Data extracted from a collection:
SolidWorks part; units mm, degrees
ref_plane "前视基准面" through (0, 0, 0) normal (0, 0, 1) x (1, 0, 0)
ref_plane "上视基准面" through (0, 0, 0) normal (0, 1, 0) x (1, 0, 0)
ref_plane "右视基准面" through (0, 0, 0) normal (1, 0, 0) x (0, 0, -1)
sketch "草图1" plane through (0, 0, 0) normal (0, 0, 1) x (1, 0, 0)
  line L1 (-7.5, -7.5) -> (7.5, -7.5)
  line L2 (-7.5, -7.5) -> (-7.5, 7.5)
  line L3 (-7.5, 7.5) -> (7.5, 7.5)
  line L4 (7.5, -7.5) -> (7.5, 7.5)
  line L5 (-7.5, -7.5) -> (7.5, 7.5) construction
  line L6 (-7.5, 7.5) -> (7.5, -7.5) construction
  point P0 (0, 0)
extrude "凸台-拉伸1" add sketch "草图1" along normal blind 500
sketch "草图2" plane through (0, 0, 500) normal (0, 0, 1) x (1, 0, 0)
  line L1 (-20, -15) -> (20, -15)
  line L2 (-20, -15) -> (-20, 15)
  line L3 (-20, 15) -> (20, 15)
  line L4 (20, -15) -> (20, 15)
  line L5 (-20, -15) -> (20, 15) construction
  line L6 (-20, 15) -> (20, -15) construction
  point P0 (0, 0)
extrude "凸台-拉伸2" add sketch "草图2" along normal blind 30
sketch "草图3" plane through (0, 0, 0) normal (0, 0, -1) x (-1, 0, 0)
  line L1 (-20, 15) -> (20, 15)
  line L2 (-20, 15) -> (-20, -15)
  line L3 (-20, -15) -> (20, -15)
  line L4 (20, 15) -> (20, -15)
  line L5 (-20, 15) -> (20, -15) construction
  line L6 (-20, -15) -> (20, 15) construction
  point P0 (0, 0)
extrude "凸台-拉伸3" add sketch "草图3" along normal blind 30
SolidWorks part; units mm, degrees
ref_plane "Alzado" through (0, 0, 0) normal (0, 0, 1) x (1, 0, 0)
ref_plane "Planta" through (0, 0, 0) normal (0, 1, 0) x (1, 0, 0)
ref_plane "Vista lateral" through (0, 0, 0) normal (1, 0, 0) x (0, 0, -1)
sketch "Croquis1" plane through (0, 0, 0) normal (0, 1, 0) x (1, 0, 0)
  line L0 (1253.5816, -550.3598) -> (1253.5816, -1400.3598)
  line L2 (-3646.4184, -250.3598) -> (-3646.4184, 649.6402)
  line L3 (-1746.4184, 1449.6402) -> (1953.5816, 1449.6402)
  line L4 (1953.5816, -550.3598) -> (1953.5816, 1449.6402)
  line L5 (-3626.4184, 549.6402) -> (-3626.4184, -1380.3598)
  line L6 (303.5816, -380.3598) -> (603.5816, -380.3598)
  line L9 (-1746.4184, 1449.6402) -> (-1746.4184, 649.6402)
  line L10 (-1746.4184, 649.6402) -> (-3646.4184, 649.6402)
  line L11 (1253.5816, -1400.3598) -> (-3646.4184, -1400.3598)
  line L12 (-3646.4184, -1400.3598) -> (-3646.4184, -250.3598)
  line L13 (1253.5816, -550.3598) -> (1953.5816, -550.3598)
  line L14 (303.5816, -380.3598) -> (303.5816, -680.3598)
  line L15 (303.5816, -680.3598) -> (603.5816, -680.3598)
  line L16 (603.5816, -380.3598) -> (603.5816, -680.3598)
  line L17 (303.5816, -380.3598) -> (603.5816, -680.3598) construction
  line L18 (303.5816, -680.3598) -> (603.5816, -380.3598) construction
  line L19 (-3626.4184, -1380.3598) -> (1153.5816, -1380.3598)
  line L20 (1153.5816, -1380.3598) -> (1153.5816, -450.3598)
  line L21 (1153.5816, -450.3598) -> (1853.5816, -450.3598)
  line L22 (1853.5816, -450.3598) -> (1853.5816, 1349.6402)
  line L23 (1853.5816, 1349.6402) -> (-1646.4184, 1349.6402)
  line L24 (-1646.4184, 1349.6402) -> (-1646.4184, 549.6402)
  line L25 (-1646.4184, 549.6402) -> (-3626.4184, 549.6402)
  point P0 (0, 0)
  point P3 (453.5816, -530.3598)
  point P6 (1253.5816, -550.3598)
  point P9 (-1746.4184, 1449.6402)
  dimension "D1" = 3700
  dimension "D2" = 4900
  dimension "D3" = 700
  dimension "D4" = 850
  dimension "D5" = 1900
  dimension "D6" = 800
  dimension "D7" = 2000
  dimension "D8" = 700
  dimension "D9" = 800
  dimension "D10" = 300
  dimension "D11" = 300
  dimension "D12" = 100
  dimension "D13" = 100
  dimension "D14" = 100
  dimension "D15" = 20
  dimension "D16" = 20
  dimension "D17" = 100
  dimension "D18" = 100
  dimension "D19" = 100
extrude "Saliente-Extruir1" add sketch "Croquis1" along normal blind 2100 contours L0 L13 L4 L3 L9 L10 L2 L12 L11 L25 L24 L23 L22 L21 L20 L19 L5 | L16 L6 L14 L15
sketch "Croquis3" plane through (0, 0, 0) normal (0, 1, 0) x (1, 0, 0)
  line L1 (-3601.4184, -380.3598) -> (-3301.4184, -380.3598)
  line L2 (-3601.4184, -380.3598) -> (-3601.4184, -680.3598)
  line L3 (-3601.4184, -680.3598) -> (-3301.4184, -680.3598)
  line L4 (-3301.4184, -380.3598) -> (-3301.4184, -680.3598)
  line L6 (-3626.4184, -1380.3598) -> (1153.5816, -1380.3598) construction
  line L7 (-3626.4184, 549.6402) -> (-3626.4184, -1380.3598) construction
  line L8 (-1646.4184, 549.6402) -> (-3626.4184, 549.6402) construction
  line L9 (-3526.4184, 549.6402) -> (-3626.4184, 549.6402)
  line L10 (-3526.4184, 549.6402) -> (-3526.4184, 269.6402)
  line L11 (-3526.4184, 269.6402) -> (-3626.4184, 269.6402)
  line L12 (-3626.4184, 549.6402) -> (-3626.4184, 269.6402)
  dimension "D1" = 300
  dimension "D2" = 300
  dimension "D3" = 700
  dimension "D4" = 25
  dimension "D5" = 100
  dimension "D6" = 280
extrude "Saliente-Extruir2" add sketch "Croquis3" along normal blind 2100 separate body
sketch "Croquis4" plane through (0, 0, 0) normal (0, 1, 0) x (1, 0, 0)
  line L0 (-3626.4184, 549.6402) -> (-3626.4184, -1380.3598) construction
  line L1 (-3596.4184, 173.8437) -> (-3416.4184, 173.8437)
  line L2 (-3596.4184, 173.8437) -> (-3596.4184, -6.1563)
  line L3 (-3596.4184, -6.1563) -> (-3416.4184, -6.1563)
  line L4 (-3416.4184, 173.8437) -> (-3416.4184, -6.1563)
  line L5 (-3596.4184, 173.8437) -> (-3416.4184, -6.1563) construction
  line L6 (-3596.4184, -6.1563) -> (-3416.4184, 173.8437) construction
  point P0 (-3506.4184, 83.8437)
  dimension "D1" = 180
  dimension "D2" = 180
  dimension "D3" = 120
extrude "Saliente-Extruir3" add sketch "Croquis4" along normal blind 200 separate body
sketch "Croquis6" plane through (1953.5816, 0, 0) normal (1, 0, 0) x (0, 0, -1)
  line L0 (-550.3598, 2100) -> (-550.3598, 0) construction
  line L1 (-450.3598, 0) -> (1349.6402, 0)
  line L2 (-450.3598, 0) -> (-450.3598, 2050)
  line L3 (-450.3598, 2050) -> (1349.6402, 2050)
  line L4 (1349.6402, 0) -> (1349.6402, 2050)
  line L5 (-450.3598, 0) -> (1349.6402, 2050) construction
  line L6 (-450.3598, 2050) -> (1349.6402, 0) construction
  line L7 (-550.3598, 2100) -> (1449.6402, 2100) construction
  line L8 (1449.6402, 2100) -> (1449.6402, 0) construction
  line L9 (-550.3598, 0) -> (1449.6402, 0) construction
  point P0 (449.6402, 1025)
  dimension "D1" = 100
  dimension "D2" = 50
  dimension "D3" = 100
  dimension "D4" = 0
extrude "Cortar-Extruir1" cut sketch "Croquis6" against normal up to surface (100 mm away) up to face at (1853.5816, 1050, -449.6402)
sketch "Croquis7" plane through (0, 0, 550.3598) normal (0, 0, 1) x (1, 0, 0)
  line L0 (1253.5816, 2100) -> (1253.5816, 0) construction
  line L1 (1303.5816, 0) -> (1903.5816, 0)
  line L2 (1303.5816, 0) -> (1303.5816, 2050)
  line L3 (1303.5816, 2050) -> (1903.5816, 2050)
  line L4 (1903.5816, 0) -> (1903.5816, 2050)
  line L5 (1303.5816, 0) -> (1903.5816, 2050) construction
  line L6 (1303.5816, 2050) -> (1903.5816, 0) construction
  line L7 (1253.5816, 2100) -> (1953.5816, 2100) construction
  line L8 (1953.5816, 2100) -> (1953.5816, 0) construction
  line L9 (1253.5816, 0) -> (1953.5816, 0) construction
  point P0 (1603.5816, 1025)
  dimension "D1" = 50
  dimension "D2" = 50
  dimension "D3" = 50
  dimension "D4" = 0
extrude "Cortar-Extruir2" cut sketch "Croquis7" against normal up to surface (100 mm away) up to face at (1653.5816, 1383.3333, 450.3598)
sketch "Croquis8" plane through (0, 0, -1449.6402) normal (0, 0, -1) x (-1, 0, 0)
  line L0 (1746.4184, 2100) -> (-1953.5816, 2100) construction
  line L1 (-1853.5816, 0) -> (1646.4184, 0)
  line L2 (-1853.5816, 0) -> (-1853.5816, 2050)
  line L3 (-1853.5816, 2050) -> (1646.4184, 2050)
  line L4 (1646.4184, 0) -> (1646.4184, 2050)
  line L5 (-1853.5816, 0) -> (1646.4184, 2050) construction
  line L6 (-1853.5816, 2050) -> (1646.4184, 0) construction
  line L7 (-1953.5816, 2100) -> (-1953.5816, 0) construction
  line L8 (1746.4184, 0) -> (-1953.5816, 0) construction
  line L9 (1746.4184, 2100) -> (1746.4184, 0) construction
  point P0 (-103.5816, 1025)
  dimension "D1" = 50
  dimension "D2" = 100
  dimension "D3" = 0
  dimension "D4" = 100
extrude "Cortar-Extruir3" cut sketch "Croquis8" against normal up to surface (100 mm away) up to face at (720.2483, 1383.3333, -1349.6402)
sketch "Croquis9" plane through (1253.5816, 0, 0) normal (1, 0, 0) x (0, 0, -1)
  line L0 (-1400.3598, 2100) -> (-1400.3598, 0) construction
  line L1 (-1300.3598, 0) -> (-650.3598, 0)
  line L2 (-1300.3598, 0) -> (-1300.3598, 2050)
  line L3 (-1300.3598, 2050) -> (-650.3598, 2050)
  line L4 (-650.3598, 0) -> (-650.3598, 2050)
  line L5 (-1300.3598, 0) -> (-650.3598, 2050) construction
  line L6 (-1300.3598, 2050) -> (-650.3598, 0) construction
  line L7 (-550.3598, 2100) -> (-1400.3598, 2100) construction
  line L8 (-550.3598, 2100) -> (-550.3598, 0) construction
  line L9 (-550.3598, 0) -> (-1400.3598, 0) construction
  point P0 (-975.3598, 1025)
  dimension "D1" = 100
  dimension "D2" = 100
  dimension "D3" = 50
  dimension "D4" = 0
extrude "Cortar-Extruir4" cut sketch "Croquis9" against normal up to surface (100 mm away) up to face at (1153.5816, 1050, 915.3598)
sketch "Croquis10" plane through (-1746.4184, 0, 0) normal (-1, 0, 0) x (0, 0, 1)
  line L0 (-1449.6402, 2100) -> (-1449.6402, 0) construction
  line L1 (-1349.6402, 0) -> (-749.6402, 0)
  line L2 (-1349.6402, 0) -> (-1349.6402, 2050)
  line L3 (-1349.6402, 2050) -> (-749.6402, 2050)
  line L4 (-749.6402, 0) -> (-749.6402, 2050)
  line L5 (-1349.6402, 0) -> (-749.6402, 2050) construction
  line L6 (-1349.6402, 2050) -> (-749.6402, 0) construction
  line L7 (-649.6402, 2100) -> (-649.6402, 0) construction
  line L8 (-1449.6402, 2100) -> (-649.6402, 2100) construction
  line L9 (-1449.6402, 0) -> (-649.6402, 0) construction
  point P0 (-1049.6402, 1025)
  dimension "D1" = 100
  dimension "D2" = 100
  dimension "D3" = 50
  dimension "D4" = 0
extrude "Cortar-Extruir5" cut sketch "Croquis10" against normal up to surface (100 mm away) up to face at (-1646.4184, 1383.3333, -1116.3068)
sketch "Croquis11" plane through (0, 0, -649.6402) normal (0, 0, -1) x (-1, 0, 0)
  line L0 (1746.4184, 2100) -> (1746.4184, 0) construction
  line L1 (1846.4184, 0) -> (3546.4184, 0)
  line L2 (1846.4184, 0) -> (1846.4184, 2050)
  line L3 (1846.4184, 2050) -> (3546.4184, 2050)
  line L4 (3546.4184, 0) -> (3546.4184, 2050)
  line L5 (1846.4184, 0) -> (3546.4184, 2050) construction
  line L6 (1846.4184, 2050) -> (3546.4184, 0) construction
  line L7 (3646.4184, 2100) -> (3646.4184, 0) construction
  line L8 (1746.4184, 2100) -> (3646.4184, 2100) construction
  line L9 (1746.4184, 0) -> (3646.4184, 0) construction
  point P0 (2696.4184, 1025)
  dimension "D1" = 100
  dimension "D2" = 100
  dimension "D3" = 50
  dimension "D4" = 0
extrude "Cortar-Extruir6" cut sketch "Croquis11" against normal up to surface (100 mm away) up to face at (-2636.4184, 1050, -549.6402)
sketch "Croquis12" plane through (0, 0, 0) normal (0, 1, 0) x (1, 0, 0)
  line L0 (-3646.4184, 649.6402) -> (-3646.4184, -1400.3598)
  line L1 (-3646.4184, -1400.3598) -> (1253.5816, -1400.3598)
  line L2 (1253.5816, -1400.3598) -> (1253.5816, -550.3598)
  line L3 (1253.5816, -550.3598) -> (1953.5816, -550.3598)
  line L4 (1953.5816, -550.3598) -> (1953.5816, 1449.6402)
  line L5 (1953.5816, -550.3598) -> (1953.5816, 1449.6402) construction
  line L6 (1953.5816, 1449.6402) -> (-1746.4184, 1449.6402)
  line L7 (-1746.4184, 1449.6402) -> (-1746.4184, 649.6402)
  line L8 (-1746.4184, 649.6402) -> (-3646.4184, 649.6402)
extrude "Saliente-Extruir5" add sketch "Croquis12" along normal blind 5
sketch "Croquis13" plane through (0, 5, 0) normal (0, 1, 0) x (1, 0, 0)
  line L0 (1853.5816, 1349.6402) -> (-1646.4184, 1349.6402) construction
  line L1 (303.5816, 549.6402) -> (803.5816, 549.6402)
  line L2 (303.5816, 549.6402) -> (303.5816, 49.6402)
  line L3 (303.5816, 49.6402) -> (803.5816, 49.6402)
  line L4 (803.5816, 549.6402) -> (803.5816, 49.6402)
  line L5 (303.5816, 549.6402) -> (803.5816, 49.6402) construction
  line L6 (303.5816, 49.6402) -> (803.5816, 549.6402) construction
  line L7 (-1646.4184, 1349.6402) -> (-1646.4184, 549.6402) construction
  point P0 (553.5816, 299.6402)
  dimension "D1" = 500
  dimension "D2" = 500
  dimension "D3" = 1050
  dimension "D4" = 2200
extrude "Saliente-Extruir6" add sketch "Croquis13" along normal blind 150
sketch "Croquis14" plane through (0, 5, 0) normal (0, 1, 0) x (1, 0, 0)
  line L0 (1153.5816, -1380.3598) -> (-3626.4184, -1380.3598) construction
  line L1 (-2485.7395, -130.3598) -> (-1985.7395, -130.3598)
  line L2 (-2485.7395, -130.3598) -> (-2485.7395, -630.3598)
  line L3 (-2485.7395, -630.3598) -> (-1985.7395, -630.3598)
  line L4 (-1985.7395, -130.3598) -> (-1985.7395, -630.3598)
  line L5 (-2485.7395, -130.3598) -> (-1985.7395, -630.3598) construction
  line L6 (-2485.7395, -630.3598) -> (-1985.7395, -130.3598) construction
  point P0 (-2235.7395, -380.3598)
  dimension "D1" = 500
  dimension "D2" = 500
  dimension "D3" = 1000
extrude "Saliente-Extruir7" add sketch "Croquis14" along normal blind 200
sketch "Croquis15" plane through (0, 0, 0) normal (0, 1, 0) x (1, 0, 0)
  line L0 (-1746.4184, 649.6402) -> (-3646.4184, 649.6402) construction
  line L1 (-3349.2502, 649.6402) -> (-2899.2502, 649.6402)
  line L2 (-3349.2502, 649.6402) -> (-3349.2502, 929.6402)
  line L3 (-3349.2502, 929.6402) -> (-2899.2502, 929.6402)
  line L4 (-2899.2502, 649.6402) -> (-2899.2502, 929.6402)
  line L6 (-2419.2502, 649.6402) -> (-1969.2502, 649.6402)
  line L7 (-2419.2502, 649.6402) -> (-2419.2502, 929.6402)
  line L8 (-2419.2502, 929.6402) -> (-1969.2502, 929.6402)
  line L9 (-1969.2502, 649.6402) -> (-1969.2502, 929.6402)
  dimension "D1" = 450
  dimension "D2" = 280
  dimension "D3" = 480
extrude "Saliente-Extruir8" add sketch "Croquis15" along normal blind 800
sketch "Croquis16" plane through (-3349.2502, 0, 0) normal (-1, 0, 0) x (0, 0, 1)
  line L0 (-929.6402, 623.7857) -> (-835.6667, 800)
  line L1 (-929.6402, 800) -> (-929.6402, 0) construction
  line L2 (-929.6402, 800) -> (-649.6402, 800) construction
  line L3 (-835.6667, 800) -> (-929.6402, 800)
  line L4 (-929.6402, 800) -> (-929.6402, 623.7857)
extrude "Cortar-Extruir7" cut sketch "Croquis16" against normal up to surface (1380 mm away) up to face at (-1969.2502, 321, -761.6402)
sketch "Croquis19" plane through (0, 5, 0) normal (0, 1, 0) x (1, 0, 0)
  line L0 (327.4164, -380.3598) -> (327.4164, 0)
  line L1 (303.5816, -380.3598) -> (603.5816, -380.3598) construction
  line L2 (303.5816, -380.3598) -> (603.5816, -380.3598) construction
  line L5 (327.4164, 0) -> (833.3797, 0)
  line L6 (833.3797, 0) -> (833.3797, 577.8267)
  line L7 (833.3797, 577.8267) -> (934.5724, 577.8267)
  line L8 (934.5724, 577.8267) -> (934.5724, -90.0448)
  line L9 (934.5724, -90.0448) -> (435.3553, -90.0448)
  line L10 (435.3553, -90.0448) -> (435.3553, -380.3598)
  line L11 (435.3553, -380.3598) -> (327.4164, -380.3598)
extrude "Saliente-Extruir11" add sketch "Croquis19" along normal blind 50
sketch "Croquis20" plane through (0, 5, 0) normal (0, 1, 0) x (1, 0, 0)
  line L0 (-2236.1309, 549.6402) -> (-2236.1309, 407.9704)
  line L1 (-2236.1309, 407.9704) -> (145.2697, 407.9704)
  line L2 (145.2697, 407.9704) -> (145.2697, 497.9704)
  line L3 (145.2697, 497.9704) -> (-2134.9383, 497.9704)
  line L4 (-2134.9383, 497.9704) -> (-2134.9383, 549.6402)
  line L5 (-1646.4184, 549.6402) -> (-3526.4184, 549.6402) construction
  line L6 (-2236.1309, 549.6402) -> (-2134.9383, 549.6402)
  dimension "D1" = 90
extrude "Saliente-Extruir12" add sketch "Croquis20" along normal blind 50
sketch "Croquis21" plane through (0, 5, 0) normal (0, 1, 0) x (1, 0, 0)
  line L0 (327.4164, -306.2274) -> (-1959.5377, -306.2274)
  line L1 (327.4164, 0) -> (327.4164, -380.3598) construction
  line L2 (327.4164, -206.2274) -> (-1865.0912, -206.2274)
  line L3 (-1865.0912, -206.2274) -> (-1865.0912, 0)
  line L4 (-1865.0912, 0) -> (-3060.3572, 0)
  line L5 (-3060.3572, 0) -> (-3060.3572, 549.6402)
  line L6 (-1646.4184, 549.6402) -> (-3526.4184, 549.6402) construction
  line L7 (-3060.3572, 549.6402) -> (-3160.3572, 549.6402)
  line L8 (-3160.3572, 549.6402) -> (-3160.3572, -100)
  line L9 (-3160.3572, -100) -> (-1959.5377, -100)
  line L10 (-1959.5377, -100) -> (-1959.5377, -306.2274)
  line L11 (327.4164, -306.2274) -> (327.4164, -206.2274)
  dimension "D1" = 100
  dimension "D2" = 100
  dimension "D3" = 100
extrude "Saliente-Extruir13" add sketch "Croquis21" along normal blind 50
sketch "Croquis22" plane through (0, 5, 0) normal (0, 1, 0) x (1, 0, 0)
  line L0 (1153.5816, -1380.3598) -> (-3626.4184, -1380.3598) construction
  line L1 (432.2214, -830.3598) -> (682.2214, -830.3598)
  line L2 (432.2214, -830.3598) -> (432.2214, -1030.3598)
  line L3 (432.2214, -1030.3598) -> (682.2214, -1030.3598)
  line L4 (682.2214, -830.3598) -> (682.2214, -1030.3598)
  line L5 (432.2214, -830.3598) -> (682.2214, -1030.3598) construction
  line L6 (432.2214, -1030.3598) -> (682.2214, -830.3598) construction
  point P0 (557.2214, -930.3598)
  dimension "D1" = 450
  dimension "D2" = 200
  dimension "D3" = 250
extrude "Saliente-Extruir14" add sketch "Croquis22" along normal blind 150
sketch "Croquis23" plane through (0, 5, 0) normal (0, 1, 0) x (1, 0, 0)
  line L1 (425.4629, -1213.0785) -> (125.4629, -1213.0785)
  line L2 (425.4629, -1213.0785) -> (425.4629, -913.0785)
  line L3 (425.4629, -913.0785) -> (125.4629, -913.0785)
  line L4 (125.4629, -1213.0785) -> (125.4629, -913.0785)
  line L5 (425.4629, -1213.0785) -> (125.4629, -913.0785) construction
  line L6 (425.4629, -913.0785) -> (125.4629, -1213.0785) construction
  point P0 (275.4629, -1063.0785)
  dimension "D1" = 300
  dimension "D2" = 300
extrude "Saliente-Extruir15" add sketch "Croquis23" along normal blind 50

*Directions for this task*
Given the records above, return exactly the lines starting at the line containing "line L2 (1253.5816, -1400.3598)" and ending at the line containing "line L1 (-2485.7395, -130.3598)", including both.

*Response below*
  line L2 (1253.5816, -1400.3598) -> (1253.5816, -550.3598)
  line L3 (1253.5816, -550.3598) -> (1953.5816, -550.3598)
  line L4 (1953.5816, -550.3598) -> (1953.5816, 1449.6402)
  line L5 (1953.5816, -550.3598) -> (1953.5816, 1449.6402) construction
  line L6 (1953.5816, 1449.6402) -> (-1746.4184, 1449.6402)
  line L7 (-1746.4184, 1449.6402) -> (-1746.4184, 649.6402)
  line L8 (-1746.4184, 649.6402) -> (-3646.4184, 649.6402)
extrude "Saliente-Extruir5" add sketch "Croquis12" along normal blind 5
sketch "Croquis13" plane through (0, 5, 0) normal (0, 1, 0) x (1, 0, 0)
  line L0 (1853.5816, 1349.6402) -> (-1646.4184, 1349.6402) construction
  line L1 (303.5816, 549.6402) -> (803.5816, 549.6402)
  line L2 (303.5816, 549.6402) -> (303.5816, 49.6402)
  line L3 (303.5816, 49.6402) -> (803.5816, 49.6402)
  line L4 (803.5816, 549.6402) -> (803.5816, 49.6402)
  line L5 (303.5816, 549.6402) -> (803.5816, 49.6402) construction
  line L6 (303.5816, 49.6402) -> (803.5816, 549.6402) construction
  line L7 (-1646.4184, 1349.6402) -> (-1646.4184, 549.6402) construction
  point P0 (553.5816, 299.6402)
  dimension "D1" = 500
  dimension "D2" = 500
  dimension "D3" = 1050
  dimension "D4" = 2200
extrude "Saliente-Extruir6" add sketch "Croquis13" along normal blind 150
sketch "Croquis14" plane through (0, 5, 0) normal (0, 1, 0) x (1, 0, 0)
  line L0 (1153.5816, -1380.3598) -> (-3626.4184, -1380.3598) construction
  line L1 (-2485.7395, -130.3598) -> (-1985.7395, -130.3598)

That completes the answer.